EXERCISE PROMPT: Look below for the line containing "in your projects."; from there through the line containing "Channels // 6 Dedicated", both lines included, please set down each line exactly and nothing else.

(Beginning of STORED DATA)

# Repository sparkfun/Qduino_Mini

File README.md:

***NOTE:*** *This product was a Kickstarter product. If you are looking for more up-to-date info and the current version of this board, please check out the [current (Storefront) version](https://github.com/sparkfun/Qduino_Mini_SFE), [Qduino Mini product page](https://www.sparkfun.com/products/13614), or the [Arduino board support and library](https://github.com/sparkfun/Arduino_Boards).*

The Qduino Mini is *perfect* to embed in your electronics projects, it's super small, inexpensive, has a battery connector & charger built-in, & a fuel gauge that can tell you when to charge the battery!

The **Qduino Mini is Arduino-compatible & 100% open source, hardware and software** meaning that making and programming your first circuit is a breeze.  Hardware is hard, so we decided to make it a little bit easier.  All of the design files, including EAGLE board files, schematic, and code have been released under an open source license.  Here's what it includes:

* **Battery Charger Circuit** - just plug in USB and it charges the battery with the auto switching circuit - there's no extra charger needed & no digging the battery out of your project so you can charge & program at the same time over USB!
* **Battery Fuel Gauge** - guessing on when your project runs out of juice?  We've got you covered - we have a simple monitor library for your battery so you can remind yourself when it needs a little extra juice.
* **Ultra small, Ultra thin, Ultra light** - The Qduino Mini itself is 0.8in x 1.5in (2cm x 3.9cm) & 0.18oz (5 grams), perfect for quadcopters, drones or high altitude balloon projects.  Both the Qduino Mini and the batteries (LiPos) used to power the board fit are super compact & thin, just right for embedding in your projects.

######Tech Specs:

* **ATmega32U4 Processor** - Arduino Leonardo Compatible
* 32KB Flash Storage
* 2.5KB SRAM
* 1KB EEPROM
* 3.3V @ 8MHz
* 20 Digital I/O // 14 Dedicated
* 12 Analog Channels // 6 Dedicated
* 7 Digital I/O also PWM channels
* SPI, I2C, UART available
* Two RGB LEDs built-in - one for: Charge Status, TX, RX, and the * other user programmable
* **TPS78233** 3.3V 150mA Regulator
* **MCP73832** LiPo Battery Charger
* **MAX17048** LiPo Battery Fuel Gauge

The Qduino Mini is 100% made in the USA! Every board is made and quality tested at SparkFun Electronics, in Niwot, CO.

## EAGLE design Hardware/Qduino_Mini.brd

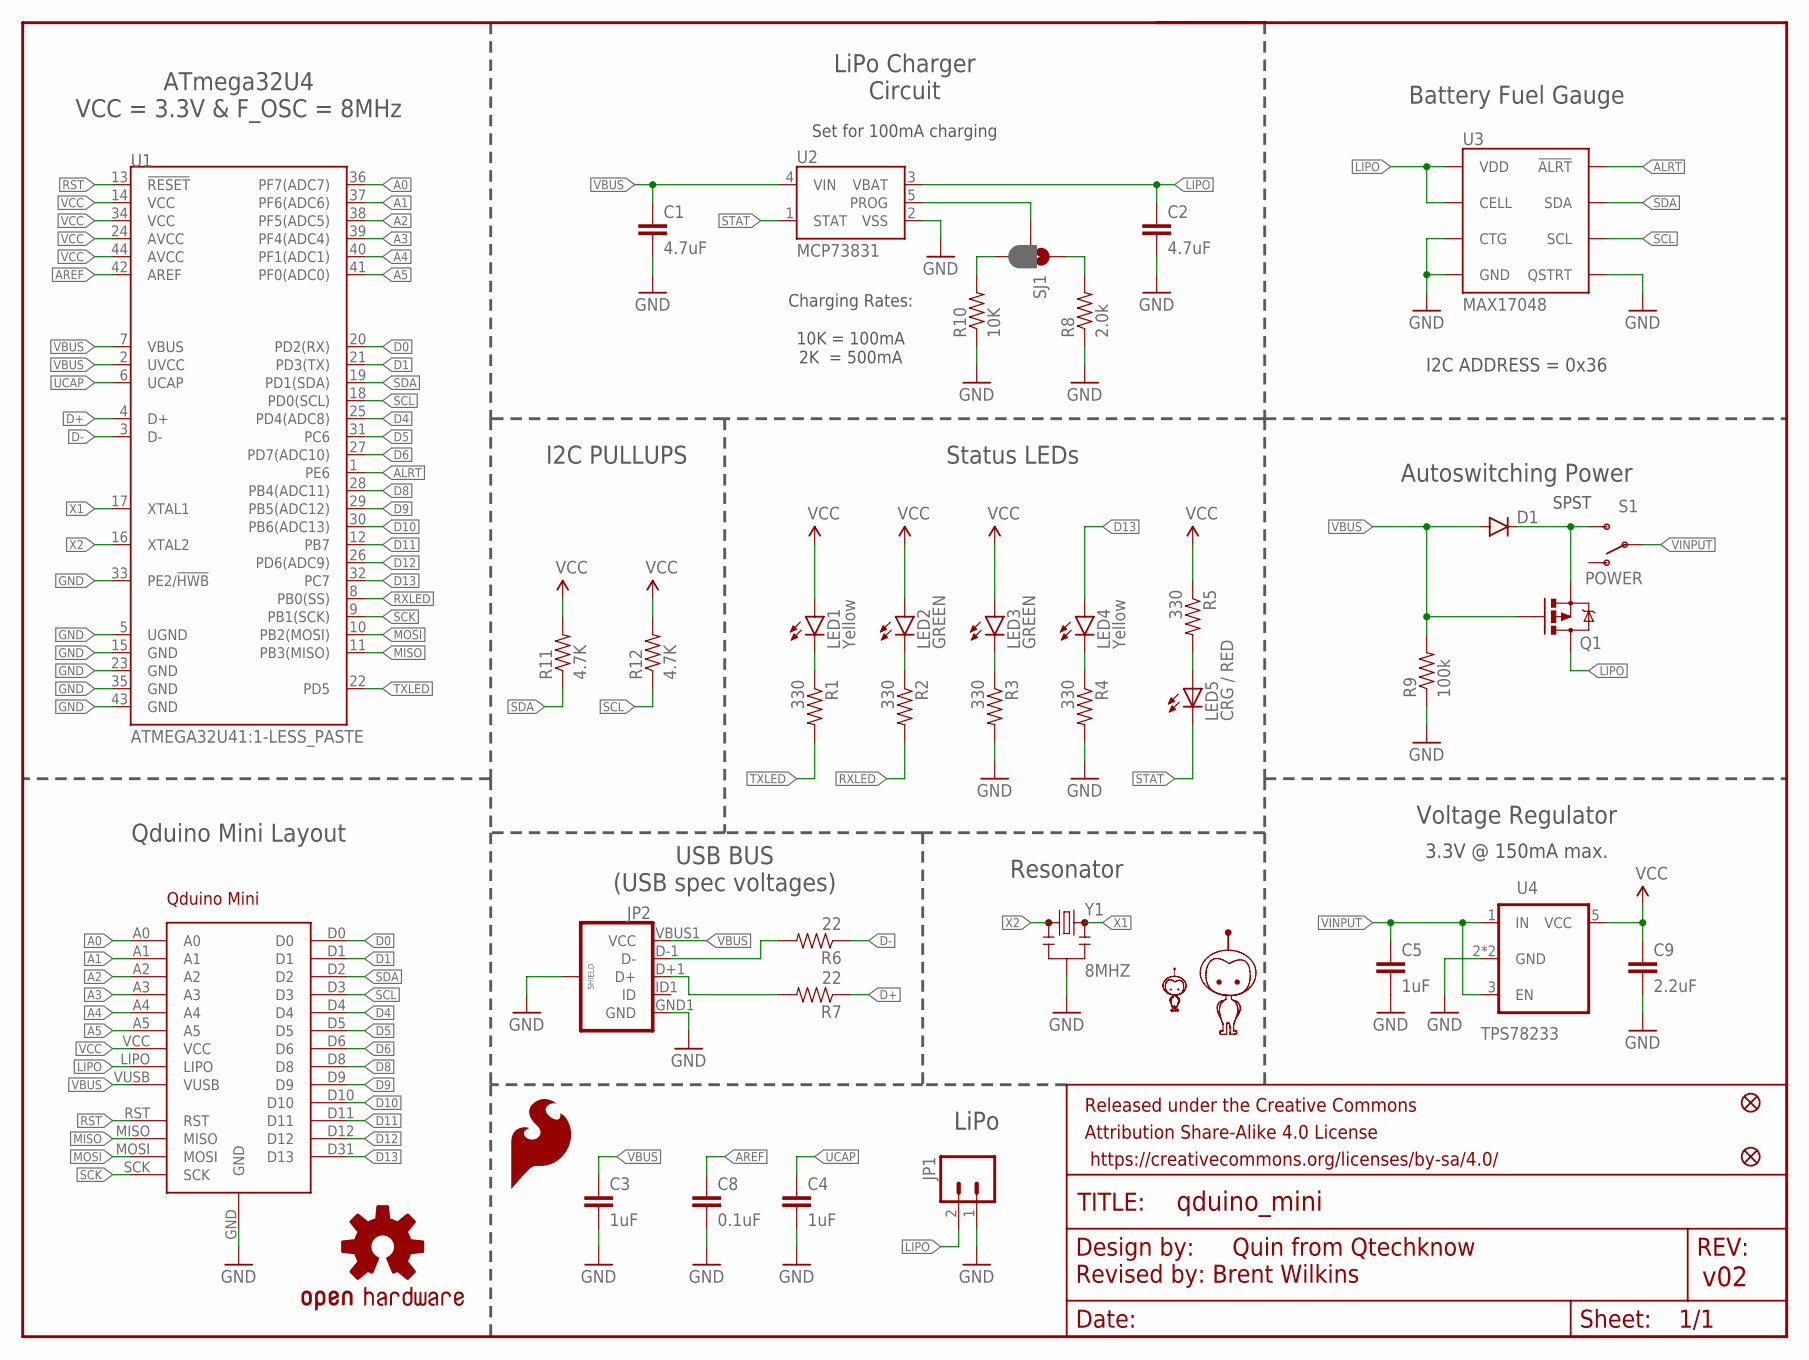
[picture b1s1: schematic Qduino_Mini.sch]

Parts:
C1, C2: 4.7uF; 0603-CAP
C3, C4, C5: 1uF; 0603-CAP
C8: 0.1uF; 0603-CAP
C9: 2.2uF; 0603-CAP
D1: 250mA/100V; SOD-323
FID5, FID6: FIDUCIAL1X2; FIDUCIAL-1X2
FRAME2: FRAME-LETTER; CREATIVE_COMMONS
JP1: LiPo; JST-2-SMD
JP2: USB_MICROB_PLUGCONN-11752; USB-B-MICRO-SMD_V03
LED1, LED4: Yellow; LED-0603
LED2, LED3: GREEN; LED-0603
LED5: CRG / RED; LED-0603
LOGO1: OSHW-LOGOS; OSHW-LOGO-S
LOGO2: SFE_LOGO_FLAME.1_INCH; SFE_LOGO_FLAME_.1
Q1: PFET; SOT23-3
R1, R2, R3, R4, R5: 330; 0603-RES
R6, R7: 22; 0603-RES
R8: 2.0k; 0603-RES
R9: 100k; 0603-RES
R10: 10K; 0603-RES
R11, R12: 4.7K; 0603-RES
S1: POWER; SWITCH-SPST-SMD-A
SJ1: JUMPER-PAD-3-2OF3_NC_BY_PASTE; PAD-JUMPER-3-2OF3_NC_BY_PASTE_YES_SILK_FULL_BOX
U1: ATMEGA32U41:1-LESS_PASTE; QFN-44-NOPAD_1:1-LESS_PASTE
U2: MCP73831; SOT23-5
U3: MAX17048; DFN-8
U4: TPS78233; SOT23-5
U5: MIGHTYQ-L-SILK; LOGO-LARGE-SILK
U6: MIGHTYQ-S-SILK; LOGO-SMALL-SILK
U7: DNP; QDUINO_MINI_V15
Y1: 8MHZ; RESONATOR-SMD

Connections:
A0: U1.36 (PF7(ADC7)), U7.A0
A1: U1.37 (PF6(ADC6)), U7.A1
A2: U1.38 (PF5(ADC5)), U7.A2
A3: U1.39 (PF4(ADC4)), U7.A3
A4: U1.40 (PF1(ADC1)), U7.A4
A5: U1.41 (PF0(ADC0)), U7.A5
ALRT: U1.1 (PE6), U3.P$5 (!ALRT)
AREF: C8.1, U1.42 (AREF)
D0: U1.20 (PD2(RX)), U7.D0
D1: U1.21 (PD3(TX)), U7.D1
D4: U1.25 (PD4(ADC8)), U7.D4
D5: U1.31 (PC6), U7.D5
D6: U1.27 (PD7(ADC10)), U7.D6
D8: U1.28 (PB4(ADC11)), U7.D8
D9: U1.29 (PB5(ADC12)), U7.D9
D10: U1.30 (PB6(ADC13)), U7.D10
D11: U1.12 (PB7), U7.D11
D12: U1.26 (PD6(ADC9)), U7.D12
D13: LED4.A, U1.32 (PC7), U7.D31 (D13)
D+: R7.1, U1.4 (D+)
D-: R6.1, U1.3 (D-)
GND: C1.2, C2.2, C3.2, C4.2, C5.2, C8.2, C9.2, JP1.1, JP2.GND1 (GND), JP2.SHIELD1 (SHIELD), JP2.SHIELD2 (SHIELD), JP2.SHIELD3 (SHIELD), R3.2, R4.2, R8.1, R9.1, R10.1, U1.5 (UGND), U1.15 (GND), U1.23 (GND), U1.33 (PE2/!HWB), U1.35 (GND), U1.43 (GND), U2.2 (VSS), U3.P$1 (CTG), U3.P$4 (GND), U3.P$6 (QSTRT), U3.P$9 (GND), U4.2 (GND), U4.4 (GND), U7.GND, Y1.2
INMOSFET: D1.C, Q1.2 (S), S1.3 (S)
LIPO: C2.1, JP1.2, Q1.3 (D), U2.3 (VBAT), U3.P$2 (CELL), U3.P$3 (VDD), U7.LIPO
MISO: U1.11 (PB3(MISO)), U7.MISO
MOSI: U1.10 (PB2(MOSI)), U7.MOSI
unnamed: LED1.C, R1.1
unnamed: LED2.C, R2.1
unnamed: LED5.A, R5.2
unnamed: LED4.C, R4.1
unnamed: R10.2, SJ1.3
unnamed: R8.2, SJ1.1
unnamed: LED3.C, R3.1
PROG: SJ1.2, U2.5 (PROG)
RST: U1.13 (!RESET), U7.RST
RXLED: R2.2, U1.8 (PB0(SS))
SCK: U1.9 (PB1(SCK)), U7.SCK
SCL: R12.1, U1.18 (PD0(SCL)), U3.P$7 (SCL), U7.D3
SDA: R11.1, U1.19 (PD1(SDA)), U3.P$8 (SDA), U7.D2
STAT: LED5.C, U2.1 (STAT)
TXLED: R1.2, U1.22 (PD5)
UCAP: C4.1, U1.6 (UCAP)
UD+: JP2.D+1 (D+), R7.2
UD-: JP2.D-1 (D-), R6.2
VBUS: C1.1, C3.1, D1.A, JP2.VBUS1 (VCC), Q1.1 (G), R9.2, U1.2 (UVCC), U1.7 (VBUS), U2.4 (VIN), U7.VUSB
VCC: C9.1, LED1.A, LED2.A, LED3.A, R5.1, R11.2, R12.2, U1.14 (VCC), U1.24 (AVCC), U1.34 (VCC), U1.44 (AVCC), U4.5 (VCC), U7.VCC
VINPUT: C5.1, S1.2, U4.1 (IN), U4.3 (EN)
X1: U1.17 (XTAL1), Y1.3
X2: U1.16 (XTAL2), Y1.1

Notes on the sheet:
Set for 100mA charging
USB BUS (USB spec voltages)
Resonator
Status LEDs
3.3V @ 150mA max.
SPST
ATmega32U4 VCC = 3.3V & F_OSC = 8MHz
Qduino Mini Layout
LiPo Charger Circuit
Battery Fuel Gauge
Voltage Regulator
Autoswitching Power
Charging Rates: 10K = 100mA 2K = 500mA
I2C PULLUPS
Revised by: Brent Wilkins
I2C ADDRESS = 0x36

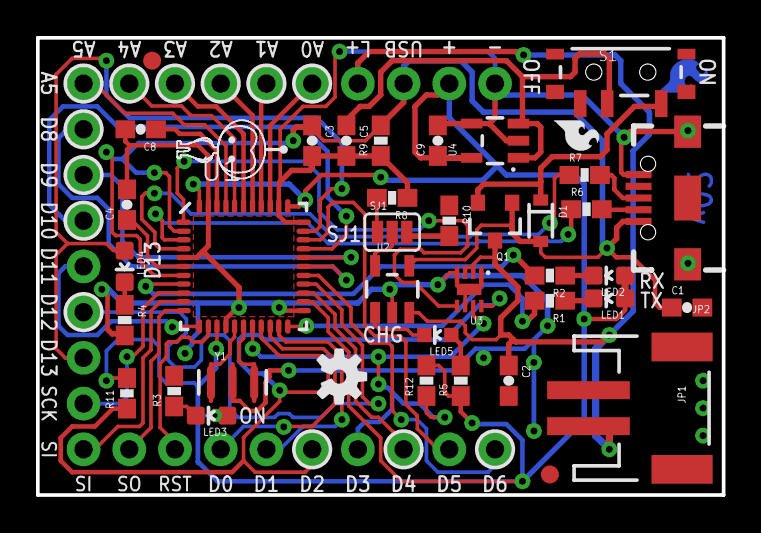
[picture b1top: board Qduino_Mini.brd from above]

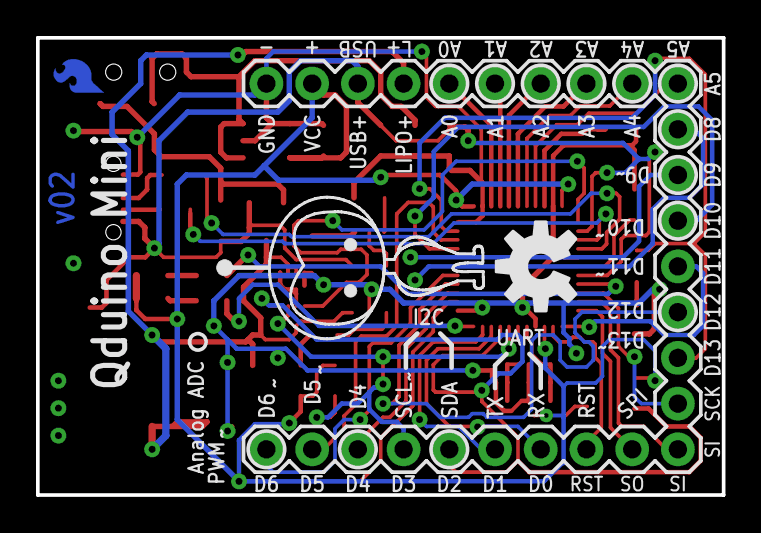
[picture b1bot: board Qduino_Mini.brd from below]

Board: 2 copper layers, 38.1 x 25.4 mm, 45 parts (3 on the bottom side), 49 nets.

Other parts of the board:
U$4: OSHW-LOGO-M
U$6: SFE-LOGO-FLAME-COPPER

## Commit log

2015-03-10 testing out a reduced sized die pad to provide the recommended mechanical support, but with low pad to pin short likelihood
2015-03-10 Rerouted grounds under IC
    Cleaned the ground traces under IC up. Passes DRC now too.
2015-03-10 Fixed a y junction
    being picky
2015-03-19 Used version of MCP73831 in current library, rather than legacy library. No real change.
2015-04-07 Updated capactior ID
2015-04-22 Moved battery over to make rework easier. In the process moved the power LED to the middle. Also fixed RX/TX lines(D0/D1)
2015-04-22 Incremented version #
2015-04-23 Added info on safe voltages & oscillator speeds
2015-04-24 Added I2C address to schematic for fuel gauge. No change to PCB
2015-05-18 Added 'IC-' prefix to the attriburtes of a part
2015-09-26 Added a pdf of the schematic
2015-09-30 Removed ISR from fuelGauge library
2015-09-30 Fixed lib in second place
2015-10-07 Reverted example that made function call to the ISR version
2015-12-22 Ignored table 28-3 in datasheet about the extended fuse bits. Changing bits 5:4 to 0's as a workaround to bug in AVRDUDE (https://savannah.nongnu.org/bugs/?21954).
2016-01-08 Added not to link to current version
2016-02-10 Expanded on license
2016-02-11 Update LICENSE.md
    Quin wrote the majority of the user facing code. Changing default license to give him credit.

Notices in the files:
parts and their libraries:
SparkFun-Passives: Licensing: CC v3.0 Share-Alike You are welcome to use this library for commercial purposes.
SparkFun-Aesthetics: Released under the Creative Commons Attribution Share-Alike 4.0 License
SparkFun-Aesthetics: https://creativecommons.org/licenses/by-sa/4.0

(End of STORED DATA)

YOUR SOLUTION:
* **Ultra small, Ultra thin, Ultra light** - The Qduino Mini itself is 0.8in x 1.5in (2cm x 3.9cm) & 0.18oz (5 grams), perfect for quadcopters, drones or high altitude balloon projects.  Both the Qduino Mini and the batteries (LiPos) used to power the board fit are super compact & thin, just right for embedding in your projects.

######Tech Specs:

* **ATmega32U4 Processor** - Arduino Leonardo Compatible
* 32KB Flash Storage
* 2.5KB SRAM
* 1KB EEPROM
* 3.3V @ 8MHz
* 20 Digital I/O // 14 Dedicated
* 12 Analog Channels // 6 Dedicated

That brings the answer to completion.